- Rebel Ink Press
- Release Date
- August 2013
LGBTQ, Paranormal Romance, Urban Fantasy, Vamps & Shifters Romance
Fear. It was the twitch in his subconscious, like a word stuck in his throat he could never quite say.
Adrian's life is simple: go to work, come home, look no one in the eye. If you don't take risks, you won't die. That's what life has taught him, and in the urban sprawl of the industrial Oregon coast, it's kept him alive. He hasn't had a panic attack in months.
Then one night, a winged man named Cassius makes a crash landing on his doorstep. Out of fear of the government Adrian hides him. But Cassius is more than he seems and when the winged shifter's haunted past comes knocking, Adrian learns the true meaning of fear. He must find the courage to face the darkness or risk losing the man he has grown to love.
Apr 28, 2014 [ OFFICIAL REVIEW ]
137 people found the following review helpful
BROKEN WINGS is a tender love story between a human and a non-human. Normally, I prefer stories where both main protagonists are both human, but this tale was written with such a sweetness that it delighted me.
The story concerns Adrian and Cassius, both of whom are finding living from day to day particularly difficult; the reasons for this are varied and somewhat sad, allowing the reader to willingly engage with each character and identify with them. Adrian's sense of isolation borne of past trauma, and Cassius' immediate challenges and past grief, are presented very well indeed. There's no mawkishness, nor is there a manipulation of the reader to feel sorry for these two guys. Because, despite their pain, neither Adrian nor Cassius are fainthearted men; their courage is displayed in more subtle ways, and this is well presented by the author. As a consequence, the reader can gradually immerse themselves in the two characters' lives and pasts seamlessly.

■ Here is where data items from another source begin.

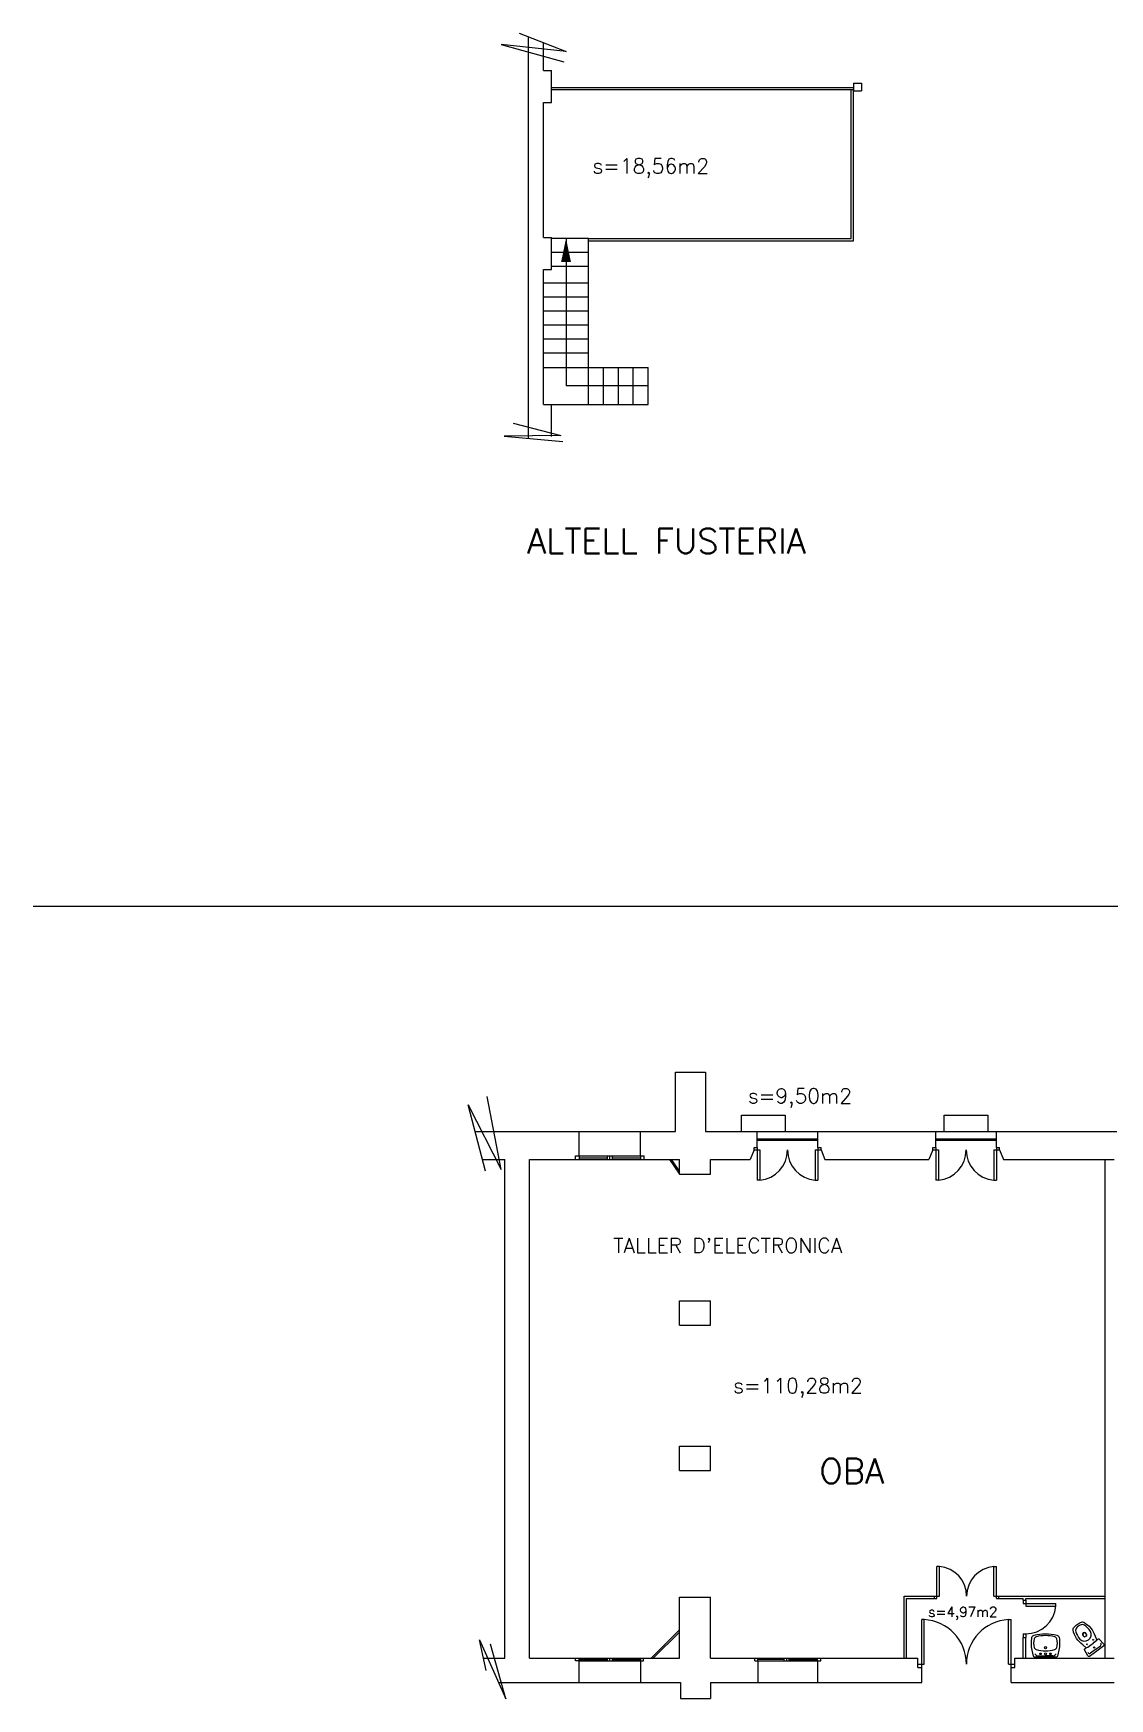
# Model space of a CAD drawing. Extents: x 546 to 754, y 37 to 203.
# Drawn here: x 690.77 to 712.46, y 43.98 to 77.54 of the extents above; entities that cross this region are included whole.
import ezdxf

# ---------------------------------------------------------------- set-up
doc = ezdxf.new("R2010")
doc.units = 0
doc.header["$MEASUREMENT"] = 0
doc.linetypes.add('PUNTOS', pattern=[0.25, 0, -0.25])
doc.layers.get('0').update_dxf_attribs({"linetype": 'CONTINUOUS'})
for name, color, linetype in [('ESCA', 4, 'CONTINUOUS'), ('MURO', 1, 'CONTINUOUS'), ('PILA', 6, 'CONTINUOUS'), ('PUER', 5, 'CONTINUOUS'), ('SANI', 4, 'CONTINUOUS'), ('SUP', 7, 'CONTINUOUS'), ('TABI', 3, 'CONTINUOUS'), ('TEXT', 7, 'CONTINUOUS'), ('VENT', 2, 'CONTINUOUS')]:
    doc.layers.add(name, color=color, linetype=linetype)
doc.styles.add('ROMANS8', font='simplex.shx')
doc.styles.add('SIMPLEX', font='simplex.shx')
doc.styles.add('SIMPLEX8', font='simplex.shx')
doc.styles.get("Standard").update_dxf_attribs({"font": 'simplex.shx'})

# ---------------------------------------------------------------- blocks, each defined once
blk = doc.blocks.new('012102')
for p in [(-0.148, -0.025), (0.148, -0.025)]:
    blk.add_line(p, (0, -0.025))
blk.add_lwpolyline([(0.221, 0, -0.356176), (0.241, -0.016), (0.266, -0.14, -0.119815), (0.273, -0.396, -0.294219), (0.228, -0.444, -0.064372), (0, -0.47, -0.064372), (-0.228, -0.444, -0.294219), (-0.273, -0.396, -0.119815), (-0.266, -0.14), (-0.241, -0.016, -0.356176), (-0.221, 0), (0, 0)], format="xyb", close=True)
at = {"linetype": 'PUNTOS'}
for centre in [(-0.1, -0.065), (0.1, -0.065)]:
    blk.add_circle(centre, 0.015, dxfattribs=at)
for centre, radius in [((0, -0.19), 0.023), ((0, -0.065), 0.0175)]:
    blk.add_circle(centre, radius)
for centre, radius, start, end in [((0.04, -0.279), 0.28, 161.6517, 198.3483), ((-0.169, -0.21), 0.06, 106.3491, 161.6517), ((-0.151, -0.092), 0.067, 87.0352, 159.0483), ((-0.007, -0.761), 0.634, 89.3416, 106.3491), ((0.007, -0.761), 0.634, 73.6509, 90.6584), ((0.151, -0.092), 0.067, 20.9517, 92.9648), ((0.169, -0.21), 0.06, 18.3483, 73.6509), ((-0.04, -0.279), 0.28, 341.6517, 18.3483), ((-0.169, -0.349), 0.06, 198.3483, 253.6509), ((-0.007, 0.202), 0.634, 253.6509, 270.6584), ((0.007, 0.202), 0.634, 269.3416, 286.3491), ((0.169, -0.349), 0.06, 286.3491, 341.6517)]:
    blk.add_arc(centre, radius, start, end)
blk = doc.blocks.new('012114')
for p, q in [((0, -0.041), (-0.126, -0.041)), ((0, -0.041), (0.126, -0.041)), ((0, -0.372), (-0.025, -0.372)), ((0, -0.372), (0.025, -0.372))]:
    blk.add_line(p, q)
blk.add_lwpolyline([(0.17, -0.179, 0.006856), (0.131, -0.175), (0.152, -0.264, -0.190618), (0.133, -0.625, -0.225225), (0.1, -0.652, -0.063558), (0, -0.665, -0.063558), (-0.1, -0.652, -0.225225), (-0.133, -0.625, -0.190618), (-0.152, -0.264), (-0.131, -0.175, 0.006856), (-0.17, -0.179, -0.425204), (-0.187, -0.165), (-0.2, -0.024, -0.440217), (-0.179, 0), (0, 0), (0.179, 0, -0.440217), (0.2, -0.024), (0.187, -0.165)], format="xyb")
for centre, radius in [((-0.078, -0.225), 0.008), ((0, -0.087), 0.0125), ((0.078, -0.225), 0.008)]:
    blk.add_circle(centre, radius)
for centre, radius, start, end in [((-0.122, -0.078), 0.0372, 96.0407, 181.7016), ((0, -0.412), 0.133, 6.8934, 173.1066), ((0, -1.582), 1.413, 90, 95.3323), ((0, -1.582), 1.413, 84.6677, 90), ((0.122, -0.078), 0.0372, 358.2984, 83.9593), ((0.172, -0.164), 0.015, 263.0963, 355.2379), ((0.314, -0.419), 0.447, 176.9791, 198.8669), ((-0.033, -0.538), 0.08, 198.8669, 263.0722), ((0, -0.268), 0.352, 263.0722, 270), ((0.087, -0.406), 0.125, 168.5881, 191.4119), ((0, -0.408), 0.0386, 195.7788, 344.2212), ((-0.025, -0.382), 0.01, 90, 180), ((0, -0.422), 0.0366, 195.2314, 344.7686), ((0, -0.268), 0.352, 270, 276.9278), ((0.025, -0.382), 0.01, 0, 90), ((-0.087, -0.406), 0.125, 348.5881, 11.4119), ((0.033, -0.538), 0.08, 276.9278, 341.1331), ((-0.314, -0.419), 0.447, 341.1331, 3.0209)]:
    blk.add_arc(centre, radius, start, end)

msp = doc.modelspace()

# ---------------------------------------------------------------- linework, layer by layer
at = {"color": 4}
for p, q in [((699.76, 45.169), (700.294, 43.984)), ((699.899, 44.551), (699.76, 45.169)), ((700.294, 43.984), (699.984, 45.082))]:
    msp.add_line(p, q, dxfattribs=at)
at = {"layer": 'ESCA'}
for p, q in [((700.56, 77.541), (701.512, 77.176)), ((700.197, 77.318), (701.461, 76.965)), ((701.512, 77.176), (700.197, 77.318)), ((701.961, 73.41), (701.211, 73.41)), ((701.506, 73.41), (701.506, 70.435)), ((701.961, 70.06), (701.961, 73.41)), ((701.961, 73.126), (701.211, 73.126)), ((701.961, 72.843), (701.211, 72.843)), ((701.961, 72.51), (701.051, 72.51)), ((701.961, 72.226), (701.051, 72.226)), ((701.961, 71.943), (701.051, 71.943)), ((701.961, 71.66), (701.051, 71.66)), ((701.961, 71.376), (701.051, 71.376)), ((701.961, 71.093), (701.051, 71.093)), ((701.051, 70.81), (703.161, 70.81)), ((702.261, 70.06), (702.261, 70.81)), ((702.561, 70.06), (702.561, 70.81)), ((702.861, 70.06), (702.861, 70.81)), ((703.161, 70.06), (703.161, 70.81)), ((703.161, 70.435), (701.506, 70.435)), ((701.051, 70.06), (703.161, 70.06)), ((700.44, 69.689), (701.4, 69.435)), ((701.4, 69.435), (700.257, 69.425)), ((700.257, 69.425), (701.441, 69.313))]:
    msp.add_line(p, q, dxfattribs=at)
msp.add_lwpolyline([(701.506, 73.41, 0, 0.2, 0), (701.506, 72.93, 0.2, 0.2, 0)], format="xyseb", dxfattribs=at)
at = {"layer": 'MURO'}
for p, q in [((700.751, 69.378), (700.751, 77.468)), ((701.051, 76.79), (701.051, 77.353)), ((701.051, 76.79), (701.211, 76.79)), ((701.211, 76.15), (701.211, 76.79)), ((701.051, 76.15), (701.211, 76.15)), ((701.051, 73.425), (701.051, 76.15)), ((701.051, 73.425), (701.211, 73.425)), ((701.211, 72.785), (701.211, 73.425)), ((701.051, 72.785), (701.211, 72.785)), ((701.051, 70.06), (701.051, 72.785)), ((701.051, 70.06), (701.211, 70.06)), ((701.211, 69.42), (701.211, 70.06)), ((690.77, 59.953), (730.155, 59.953)), ((703.715, 56.61), (704.315, 56.61)), ((703.715, 55.41), (703.715, 56.61)), ((704.315, 56.61), (704.315, 55.41)), ((705.045, 55.74), (705.925, 55.74)), ((705.045, 55.41), (705.045, 55.74)), ((705.925, 55.74), (705.925, 55.41)), ((709.125, 55.74), (710.005, 55.74)), ((709.125, 55.41), (709.125, 55.74)), ((710.005, 55.74), (710.005, 55.41)), ((699.678, 55.41), (701.77, 55.41)), ((701.77, 54.92), (701.77, 55.41)), ((703.01, 55.41), (703.715, 55.41)), ((703.01, 54.92), (703.01, 55.41)), ((704.315, 55.41), (712.605, 55.41)), ((705.36, 55.09), (705.36, 55.41)), ((706.58, 55.09), (706.58, 55.41)), ((708.96, 55.09), (708.96, 55.41)), ((710.18, 55.09), (710.18, 55.41)), ((705.295, 55.04), (705.22, 54.85)), ((705.295, 55.09), (705.36, 55.09)), ((705.295, 55.04), (705.295, 55.09)), ((706.58, 55.09), (706.645, 55.09)), ((706.645, 55.04), (706.645, 55.09)), ((706.645, 55.04), (706.72, 54.85)), ((708.895, 55.04), (708.82, 54.85)), ((708.895, 55.04), (708.895, 55.09)), ((708.895, 55.09), (708.96, 55.09)), ((710.18, 55.09), (710.245, 55.09)), ((710.245, 55.04), (710.245, 55.09)), ((710.245, 55.04), (710.32, 54.85)), ((699.825, 54.85), (700.27, 54.85)), ((700.27, 44.8), (700.27, 54.85)), ((700.77, 44.8), (700.77, 54.85)), ((700.77, 54.85), (701.7, 54.85)), ((701.7, 54.85), (701.7, 54.92)), ((701.7, 54.92), (701.77, 54.92)), ((703.01, 54.92), (703.08, 54.92)), ((703.08, 54.85), (703.08, 54.92)), ((703.08, 54.85), (703.79, 54.85)), ((703.79, 54.55), (703.79, 54.85)), ((704.42, 54.85), (705.22, 54.85)), ((704.42, 54.55), (704.42, 54.85)), ((706.72, 54.85), (708.82, 54.85)), ((710.32, 54.85), (712.555, 54.85)), ((703.79, 54.55), (704.42, 54.55)), ((703.79, 51.51), (703.79, 52)), ((703.79, 52), (704.42, 52)), ((704.42, 51.51), (704.42, 52)), ((703.79, 51.51), (704.42, 51.51)), ((703.79, 48.58), (703.79, 49.07)), ((703.79, 49.07), (704.42, 49.07)), ((704.42, 48.58), (704.42, 49.07)), ((703.79, 48.58), (704.42, 48.58)), ((703.79, 46.03), (704.42, 46.03)), ((703.79, 44.8), (703.79, 46.03)), ((704.42, 44.8), (704.42, 46.03)), ((699.843, 44.8), (700.27, 44.8)), ((700.77, 44.8), (701.7, 44.8)), ((701.7, 44.75), (701.7, 44.8)), ((701.765, 44.75), (701.7, 44.75)), ((701.765, 44.75), (701.765, 44.31)), ((703.005, 44.75), (703.005, 44.31)), ((703.005, 44.75), (703.07, 44.75)), ((703.07, 44.75), (703.07, 44.8)), ((703.07, 44.8), (703.79, 44.8)), ((704.42, 44.8), (705.309, 44.8)), ((705.309, 44.75), (705.309, 44.8)), ((705.309, 44.75), (705.374, 44.75)), ((705.374, 44.75), (705.374, 44.31)), ((706.575, 44.75), (706.575, 44.31)), ((706.575, 44.75), (706.64, 44.75)), ((706.64, 44.75), (706.64, 44.8)), ((706.64, 44.8), (708.599, 44.8)), ((708.599, 44.61), (708.599, 44.8)), ((710.549, 44.8), (712.555, 44.8)), ((710.549, 44.61), (710.549, 44.8)), ((700.147, 44.31), (700.27, 44.31)), ((700.147, 44.31), (701.765, 44.31)), ((703.005, 44.31), (703.815, 44.31)), ((703.815, 44.31), (703.815, 43.99)), ((704.415, 44.31), (705.374, 44.31)), ((704.415, 44.31), (704.415, 43.99)), ((706.575, 44.31), (708.674, 44.31)), ((708.599, 44.61), (708.674, 44.61)), ((708.674, 44.31), (708.674, 44.61)), ((710.474, 44.31), (710.474, 44.61)), ((710.474, 44.61), (710.549, 44.61)), ((710.474, 44.31), (712.555, 44.31)), ((703.815, 43.99), (704.415, 43.99))]:
    msp.add_line(p, q, dxfattribs=at)
at = {"layer": 'MURO', "color": 4}
for p, q in [((700.201, 54.65), (699.916, 56.121)), ((699.537, 55.948), (700.201, 54.65)), ((699.886, 54.616), (699.537, 55.948))]:
    msp.add_line(p, q, dxfattribs=at)
at = {"layer": 'PILA'}
for p, q in [((707.301, 76.54), (707.461, 76.54)), ((707.301, 76.54), (707.301, 76.38)), ((707.461, 76.54), (707.461, 76.38)), ((707.301, 76.38), (707.461, 76.38))]:
    msp.add_line(p, q, dxfattribs=at)
at = {"layer": 'PUER'}
for p, q in [((705.295, 55.04), (705.41, 55.04)), ((705.36, 55.09), (705.36, 54.43)), ((705.41, 55.04), (705.41, 54.432)), ((706.53, 55.04), (706.645, 55.04)), ((706.53, 55.04), (706.53, 54.432)), ((706.58, 55.09), (706.58, 54.43)), ((708.895, 55.04), (709.01, 55.04)), ((708.96, 55.09), (708.96, 54.43)), ((709.01, 55.04), (709.01, 54.432)), ((710.13, 55.04), (710.245, 55.04)), ((710.13, 55.04), (710.13, 54.432)), ((710.18, 55.09), (710.18, 54.43)), ((705.41, 54.432), (705.36, 54.43)), ((706.53, 54.432), (706.58, 54.43)), ((709.01, 54.432), (708.96, 54.43)), ((710.13, 54.432), (710.18, 54.43)), ((708.98, 46), (708.98, 46.647)), ((709.03, 46.647), (708.98, 46.647)), ((709.03, 46.05), (709.03, 46.647)), ((710.13, 46.647), (710.18, 46.647)), ((710.13, 46.05), (710.13, 46.647)), ((710.18, 46), (710.18, 46.65)), ((708.93, 46.05), (709.03, 46.05)), ((708.93, 46), (708.98, 46)), ((710.13, 46.05), (710.23, 46.05)), ((710.18, 46), (710.23, 46)), ((710.72, 45.97), (710.72, 45.9)), ((710.72, 45.9), (711.378, 45.9)), ((710.77, 45.97), (710.77, 45.85)), ((710.77, 45.85), (711.378, 45.85)), ((711.378, 45.85), (711.378, 45.9)), ((708.674, 44.61), (708.674, 45.58)), ((708.724, 45.578), (708.674, 45.578)), ((708.724, 44.68), (708.724, 45.578)), ((710.424, 44.68), (710.424, 45.578)), ((710.424, 45.578), (710.474, 45.578)), ((710.474, 44.61), (710.474, 45.58)), ((710.72, 45.29), (710.72, 45.22)), ((710.72, 45.29), (710.77, 45.29)), ((710.77, 45.29), (710.77, 45.22)), ((708.599, 44.68), (708.724, 44.68)), ((710.424, 44.68), (710.549, 44.68))]:
    msp.add_line(p, q, dxfattribs=at)
for centre, radius, start, end in [((705.36, 55.04), 0.61, 274.7017, 0), ((706.58, 55.04), 0.61, 180, 265.2983), ((708.96, 55.04), 0.61, 274.7017, 0), ((710.18, 55.04), 0.61, 180, 265.2983), ((708.98, 46.05), 0.6, 0, 85.2198), ((710.18, 46.05), 0.6, 94.7802, 180), ((710.77, 45.9), 0.61, 270, 355.2983), ((708.674, 44.68), 0.9, 0, 86.8153), ((710.474, 44.68), 0.9, 93.1847, 180)]:
    msp.add_arc(centre, radius, start, end, dxfattribs=at)
at = {"layer": 'TABI'}
for p, q in [((701.211, 76.45), (707.301, 76.45)), ((701.211, 76.41), (707.301, 76.41)), ((707.251, 73.41), (707.251, 76.41)), ((707.301, 73.36), (707.301, 76.41)), ((701.961, 73.41), (707.251, 73.41)), ((701.961, 73.36), (707.301, 73.36)), ((703.59, 54.85), (703.79, 54.55)), ((703.626, 54.85), (703.79, 54.604)), ((712.37, 44.8), (712.37, 54.85)), ((708.32, 46.05), (708.93, 46.05)), ((708.32, 44.8), (708.32, 46.05)), ((708.37, 46), (708.93, 46)), ((708.37, 44.8), (708.37, 46)), ((708.93, 46), (708.93, 46.05)), ((710.23, 46.05), (712.37, 46.05)), ((710.23, 46), (710.23, 46.05)), ((710.23, 46), (710.72, 46)), ((710.72, 45.97), (710.72, 46)), ((710.77, 46), (712.37, 46)), ((710.77, 45.97), (710.77, 46)), ((710.72, 45.97), (710.77, 45.97)), ((703.23, 44.81), (703.79, 45.37)), ((703.272, 44.81), (703.79, 45.327)), ((710.72, 45.22), (710.77, 45.22)), ((710.72, 44.8), (710.72, 45.22)), ((710.77, 44.8), (710.77, 45.22))]:
    msp.add_line(p, q, dxfattribs=at)
at = {"layer": 'VENT'}
for p, q in [((701.77, 55.41), (703.01, 55.41)), ((701.7, 54.85), (703.08, 54.85)), ((701.77, 54.92), (703.01, 54.92)), ((701.77, 54.92), (701.77, 54.85)), ((701.77, 54.885), (702.34, 54.885)), ((702.34, 54.85), (702.34, 54.92)), ((702.39, 54.85), (702.39, 54.92)), ((702.44, 54.85), (702.44, 54.92)), ((702.44, 54.885), (703.01, 54.885)), ((703.01, 54.92), (703.01, 54.85)), ((701.7, 44.8), (703.07, 44.8)), ((701.765, 44.8), (701.765, 44.75)), ((701.765, 44.775), (702.335, 44.775)), ((701.765, 44.75), (703.005, 44.75)), ((702.335, 44.8), (702.335, 44.75)), ((702.385, 44.8), (702.385, 44.75)), ((702.435, 44.8), (702.435, 44.75)), ((702.435, 44.775), (703.005, 44.775)), ((703.005, 44.8), (703.005, 44.75)), ((705.309, 44.8), (706.64, 44.8)), ((705.335, 44.75), (706.575, 44.75)), ((705.374, 44.75), (705.374, 44.8)), ((705.905, 44.775), (705.374, 44.775)), ((705.905, 44.75), (705.905, 44.8)), ((705.955, 44.75), (705.955, 44.8)), ((706.005, 44.75), (706.005, 44.8)), ((706.005, 44.775), (706.575, 44.775)), ((706.575, 44.75), (706.575, 44.8)), ((701.765, 44.31), (703.005, 44.31)), ((705.374, 44.31), (706.575, 44.31))]:
    msp.add_line(p, q, dxfattribs=at)
at = {"layer": 'VENT', "color": 4}
for p, q in [((705.36, 55.265), (706.58, 55.265)), ((705.36, 55.235), (706.58, 55.235)), ((708.96, 55.265), (710.18, 55.265)), ((708.96, 55.235), (710.18, 55.235))]:
    msp.add_line(p, q, dxfattribs=at)

# ---------------------------------------------------------------- block references
at = {"layer": 'SANI'}
for name, p, rotation in [('012114', (712.2, 44.943), 216.2022895325699), ('012102', (711.169, 44.823), 180)]:
    msp.add_blockref(name, p, dxfattribs=dict(at, rotation=rotation))

# ---------------------------------------------------------------- texts
at = {"layer": 'SUP', "style": 'SIMPLEX'}
for s, height, p in [('s=18,56m2', 0.3, (702.038, 74.718)), ('s=9,50m2', 0.3, (705.172, 55.98)), ('s=110,28m2', 0.3, (704.874, 50.142)), ('s=4,97m2', 0.2, (708.803, 45.633))]:
    msp.add_text(s, height=height, dxfattribs=at).set_placement(p)
at = {"layer": 'TABI', "color": 4, "insert": (706.613, 48.821), "char_height": 0.5, "attachment_point": 1, "style": 'ROMANS8'}
msp.add_mtext('OBA', dxfattribs=at)
at = {"layer": 'TEXT'}
msp.add_text('ALTELL FUSTERIA', height=0.5, dxfattribs=at).set_placement((700.723, 67.06))
at = {"layer": 'TEXT', "style": 'SIMPLEX8'}
msp.add_text("TALLER D'ELECTRONICA", height=0.3, dxfattribs=at).set_placement((702.458, 52.965))

doc.saveas('drawing.dxf')

BROKEN WINGS doesn't offer instant love, either, and the joy I found in reading this was the nascent, tender love story that took its natural time to develop. I felt Adrian's uncertainty and fear, and Cassius was the perfect foil to those emotions by way of his blend of confidence and vulnerability.
The pacing of the writing is very good, and the prose is fluid and expressive without any examples of hackneyed dialogue or description. It is a book that is clearly intelligently written, and I found myself enjoying it from the very first page.
In summary, I'd certainly recommend this lovely book to fans of the M/M and non-human genre and I, for one, will be reading more from Alex Jones. Highly recommended indeed.